> THE TASK:
When a line of the entries contains the word "blocks", report that line.

*** Opening DATA SECTION ***

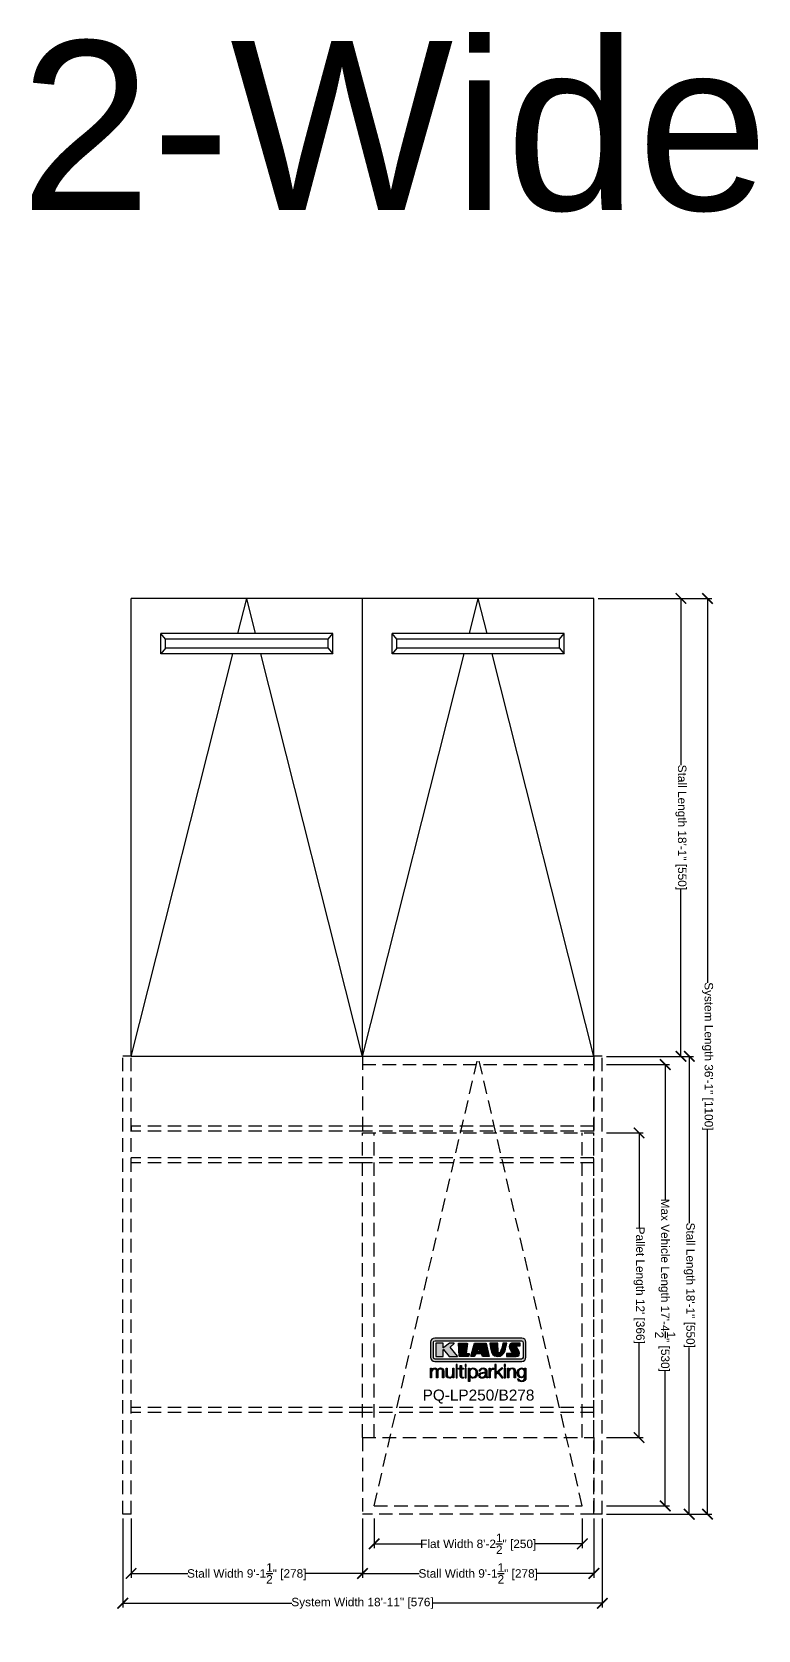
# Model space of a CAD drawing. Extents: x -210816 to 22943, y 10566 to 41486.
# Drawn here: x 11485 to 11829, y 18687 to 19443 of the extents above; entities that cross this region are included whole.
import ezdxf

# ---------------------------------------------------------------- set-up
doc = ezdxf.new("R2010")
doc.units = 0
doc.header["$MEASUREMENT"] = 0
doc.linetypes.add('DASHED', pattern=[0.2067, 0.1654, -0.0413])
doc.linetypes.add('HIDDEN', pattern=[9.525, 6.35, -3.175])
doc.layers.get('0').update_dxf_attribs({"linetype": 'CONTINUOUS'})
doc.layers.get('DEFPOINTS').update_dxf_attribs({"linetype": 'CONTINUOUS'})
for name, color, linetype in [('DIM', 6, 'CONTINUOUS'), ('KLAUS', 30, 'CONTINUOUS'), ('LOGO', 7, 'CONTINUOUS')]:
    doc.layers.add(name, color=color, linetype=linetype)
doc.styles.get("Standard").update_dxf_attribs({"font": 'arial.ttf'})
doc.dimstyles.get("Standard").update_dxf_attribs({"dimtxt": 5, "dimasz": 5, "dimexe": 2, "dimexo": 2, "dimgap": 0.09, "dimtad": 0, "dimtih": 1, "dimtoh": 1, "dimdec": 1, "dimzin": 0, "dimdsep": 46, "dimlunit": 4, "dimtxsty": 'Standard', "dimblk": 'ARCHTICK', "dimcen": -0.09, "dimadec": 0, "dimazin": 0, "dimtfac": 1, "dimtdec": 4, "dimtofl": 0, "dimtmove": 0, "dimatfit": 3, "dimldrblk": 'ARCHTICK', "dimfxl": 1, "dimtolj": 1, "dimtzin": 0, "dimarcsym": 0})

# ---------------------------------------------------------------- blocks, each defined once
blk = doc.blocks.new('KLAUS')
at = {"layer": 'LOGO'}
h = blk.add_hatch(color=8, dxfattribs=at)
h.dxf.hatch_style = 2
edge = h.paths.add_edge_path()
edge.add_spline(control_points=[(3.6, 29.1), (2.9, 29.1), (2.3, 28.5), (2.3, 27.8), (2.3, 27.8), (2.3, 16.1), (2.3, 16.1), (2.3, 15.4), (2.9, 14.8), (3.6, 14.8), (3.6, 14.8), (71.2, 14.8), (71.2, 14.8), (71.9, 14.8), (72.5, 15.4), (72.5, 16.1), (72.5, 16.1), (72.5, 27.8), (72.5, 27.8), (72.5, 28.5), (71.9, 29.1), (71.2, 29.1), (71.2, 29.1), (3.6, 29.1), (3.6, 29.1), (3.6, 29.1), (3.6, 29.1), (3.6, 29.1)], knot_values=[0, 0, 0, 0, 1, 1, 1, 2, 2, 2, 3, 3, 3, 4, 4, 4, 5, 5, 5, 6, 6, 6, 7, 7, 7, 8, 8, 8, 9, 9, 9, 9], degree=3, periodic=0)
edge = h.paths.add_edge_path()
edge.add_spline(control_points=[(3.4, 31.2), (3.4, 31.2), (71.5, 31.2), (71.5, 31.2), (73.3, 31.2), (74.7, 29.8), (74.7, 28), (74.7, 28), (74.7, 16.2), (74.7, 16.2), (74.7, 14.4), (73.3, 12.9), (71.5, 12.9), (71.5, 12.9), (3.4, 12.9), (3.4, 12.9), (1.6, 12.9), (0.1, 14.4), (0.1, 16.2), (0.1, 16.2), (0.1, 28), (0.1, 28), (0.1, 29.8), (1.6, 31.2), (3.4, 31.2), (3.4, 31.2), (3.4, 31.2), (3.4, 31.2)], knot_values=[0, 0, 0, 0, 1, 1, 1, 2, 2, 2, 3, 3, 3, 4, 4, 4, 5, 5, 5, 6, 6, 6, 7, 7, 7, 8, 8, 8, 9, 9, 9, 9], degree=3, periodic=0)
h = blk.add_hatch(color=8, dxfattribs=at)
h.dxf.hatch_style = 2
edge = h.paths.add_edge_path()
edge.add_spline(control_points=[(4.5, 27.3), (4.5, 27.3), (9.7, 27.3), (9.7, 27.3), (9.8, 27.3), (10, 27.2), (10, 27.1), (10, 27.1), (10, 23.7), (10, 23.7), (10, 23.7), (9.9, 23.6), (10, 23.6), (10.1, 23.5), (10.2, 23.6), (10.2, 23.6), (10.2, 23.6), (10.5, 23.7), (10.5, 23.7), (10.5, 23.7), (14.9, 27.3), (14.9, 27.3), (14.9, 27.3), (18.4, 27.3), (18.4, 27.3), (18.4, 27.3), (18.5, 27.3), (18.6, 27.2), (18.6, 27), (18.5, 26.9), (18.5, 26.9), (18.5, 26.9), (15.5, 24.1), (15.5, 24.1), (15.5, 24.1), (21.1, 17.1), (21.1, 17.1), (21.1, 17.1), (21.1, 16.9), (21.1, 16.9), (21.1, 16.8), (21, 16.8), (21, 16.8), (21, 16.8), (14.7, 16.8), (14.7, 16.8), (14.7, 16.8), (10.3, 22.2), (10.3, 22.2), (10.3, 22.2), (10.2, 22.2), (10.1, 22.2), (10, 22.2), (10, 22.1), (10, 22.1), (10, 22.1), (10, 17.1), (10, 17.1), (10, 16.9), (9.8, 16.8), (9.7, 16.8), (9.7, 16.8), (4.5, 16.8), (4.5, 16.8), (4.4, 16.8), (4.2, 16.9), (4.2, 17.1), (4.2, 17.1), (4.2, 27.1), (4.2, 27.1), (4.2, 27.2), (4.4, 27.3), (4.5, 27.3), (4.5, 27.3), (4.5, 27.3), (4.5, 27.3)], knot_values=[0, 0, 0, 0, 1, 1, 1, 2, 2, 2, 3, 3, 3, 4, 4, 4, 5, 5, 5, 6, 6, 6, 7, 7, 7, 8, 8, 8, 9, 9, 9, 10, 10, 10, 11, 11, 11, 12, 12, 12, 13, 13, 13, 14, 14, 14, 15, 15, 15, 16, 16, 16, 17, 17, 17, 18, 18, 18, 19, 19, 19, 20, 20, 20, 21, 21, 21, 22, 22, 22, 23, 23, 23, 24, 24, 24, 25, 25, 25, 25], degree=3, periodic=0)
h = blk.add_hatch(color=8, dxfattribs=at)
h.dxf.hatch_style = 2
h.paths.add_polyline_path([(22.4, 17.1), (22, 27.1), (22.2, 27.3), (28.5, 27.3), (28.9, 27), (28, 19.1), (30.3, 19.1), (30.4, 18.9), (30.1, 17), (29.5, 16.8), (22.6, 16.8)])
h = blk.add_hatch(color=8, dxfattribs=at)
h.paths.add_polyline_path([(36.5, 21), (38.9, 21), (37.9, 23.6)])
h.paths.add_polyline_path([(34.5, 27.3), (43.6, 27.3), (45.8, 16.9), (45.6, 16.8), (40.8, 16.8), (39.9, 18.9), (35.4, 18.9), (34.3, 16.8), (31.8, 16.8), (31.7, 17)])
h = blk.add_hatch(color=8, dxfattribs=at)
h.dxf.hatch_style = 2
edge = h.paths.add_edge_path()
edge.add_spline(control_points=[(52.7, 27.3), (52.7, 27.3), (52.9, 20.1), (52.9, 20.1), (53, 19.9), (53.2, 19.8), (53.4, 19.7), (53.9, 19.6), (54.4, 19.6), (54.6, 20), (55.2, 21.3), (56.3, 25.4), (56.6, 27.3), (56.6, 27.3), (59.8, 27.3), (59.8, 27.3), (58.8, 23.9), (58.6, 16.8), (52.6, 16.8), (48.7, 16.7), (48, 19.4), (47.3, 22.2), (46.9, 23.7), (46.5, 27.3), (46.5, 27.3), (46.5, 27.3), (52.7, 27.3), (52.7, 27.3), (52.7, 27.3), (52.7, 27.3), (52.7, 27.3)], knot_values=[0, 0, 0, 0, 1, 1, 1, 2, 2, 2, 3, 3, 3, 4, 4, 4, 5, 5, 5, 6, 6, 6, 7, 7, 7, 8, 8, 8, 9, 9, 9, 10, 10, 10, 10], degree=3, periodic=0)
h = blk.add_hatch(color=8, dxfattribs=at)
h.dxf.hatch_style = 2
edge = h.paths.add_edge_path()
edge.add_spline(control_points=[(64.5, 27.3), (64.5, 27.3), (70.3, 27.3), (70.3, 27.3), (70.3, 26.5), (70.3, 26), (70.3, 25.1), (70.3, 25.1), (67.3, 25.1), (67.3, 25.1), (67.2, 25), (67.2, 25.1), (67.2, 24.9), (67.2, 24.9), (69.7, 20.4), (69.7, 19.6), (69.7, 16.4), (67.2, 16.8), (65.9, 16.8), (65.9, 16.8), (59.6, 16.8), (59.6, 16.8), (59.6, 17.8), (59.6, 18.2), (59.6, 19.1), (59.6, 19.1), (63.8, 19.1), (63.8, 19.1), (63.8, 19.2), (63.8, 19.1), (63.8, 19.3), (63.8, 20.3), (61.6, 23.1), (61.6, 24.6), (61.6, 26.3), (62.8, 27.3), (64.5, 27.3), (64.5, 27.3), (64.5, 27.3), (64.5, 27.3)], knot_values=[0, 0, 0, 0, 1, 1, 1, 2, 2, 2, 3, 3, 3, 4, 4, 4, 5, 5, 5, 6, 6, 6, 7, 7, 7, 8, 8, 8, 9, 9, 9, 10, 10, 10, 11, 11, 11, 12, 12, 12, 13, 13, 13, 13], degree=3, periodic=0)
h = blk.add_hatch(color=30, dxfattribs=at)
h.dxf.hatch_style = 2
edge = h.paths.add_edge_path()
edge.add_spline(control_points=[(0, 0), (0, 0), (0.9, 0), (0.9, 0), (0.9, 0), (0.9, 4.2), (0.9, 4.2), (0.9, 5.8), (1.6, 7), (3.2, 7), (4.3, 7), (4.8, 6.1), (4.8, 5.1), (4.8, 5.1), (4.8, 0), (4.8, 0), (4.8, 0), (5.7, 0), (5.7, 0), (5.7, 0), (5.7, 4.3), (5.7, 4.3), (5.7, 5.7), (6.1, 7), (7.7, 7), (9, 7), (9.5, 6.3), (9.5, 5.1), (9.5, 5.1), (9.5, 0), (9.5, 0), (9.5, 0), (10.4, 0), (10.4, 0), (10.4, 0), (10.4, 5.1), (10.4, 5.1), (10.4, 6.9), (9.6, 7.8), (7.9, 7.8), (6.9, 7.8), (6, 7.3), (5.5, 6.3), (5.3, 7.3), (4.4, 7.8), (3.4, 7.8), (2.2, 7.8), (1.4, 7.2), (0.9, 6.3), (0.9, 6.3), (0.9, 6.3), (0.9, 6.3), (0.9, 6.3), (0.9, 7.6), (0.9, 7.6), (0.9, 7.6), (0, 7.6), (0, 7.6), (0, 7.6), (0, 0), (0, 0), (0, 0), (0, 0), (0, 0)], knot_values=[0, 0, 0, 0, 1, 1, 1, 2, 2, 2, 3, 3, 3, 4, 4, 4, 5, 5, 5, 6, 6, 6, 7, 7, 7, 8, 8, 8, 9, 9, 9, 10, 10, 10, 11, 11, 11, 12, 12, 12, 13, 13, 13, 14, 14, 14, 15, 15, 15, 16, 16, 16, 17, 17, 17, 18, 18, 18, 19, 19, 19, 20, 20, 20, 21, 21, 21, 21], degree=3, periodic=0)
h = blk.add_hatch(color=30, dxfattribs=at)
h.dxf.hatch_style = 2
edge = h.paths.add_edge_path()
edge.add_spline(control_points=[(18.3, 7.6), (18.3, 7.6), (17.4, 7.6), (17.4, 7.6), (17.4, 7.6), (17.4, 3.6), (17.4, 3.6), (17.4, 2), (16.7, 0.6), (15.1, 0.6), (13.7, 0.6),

*** Closing DATA SECTION ***

> SOLUTION FOR THIS EXERCISE:
# ---------------------------------------------------------------- blocks, each defined once
blk = doc.blocks.new('KLAUS')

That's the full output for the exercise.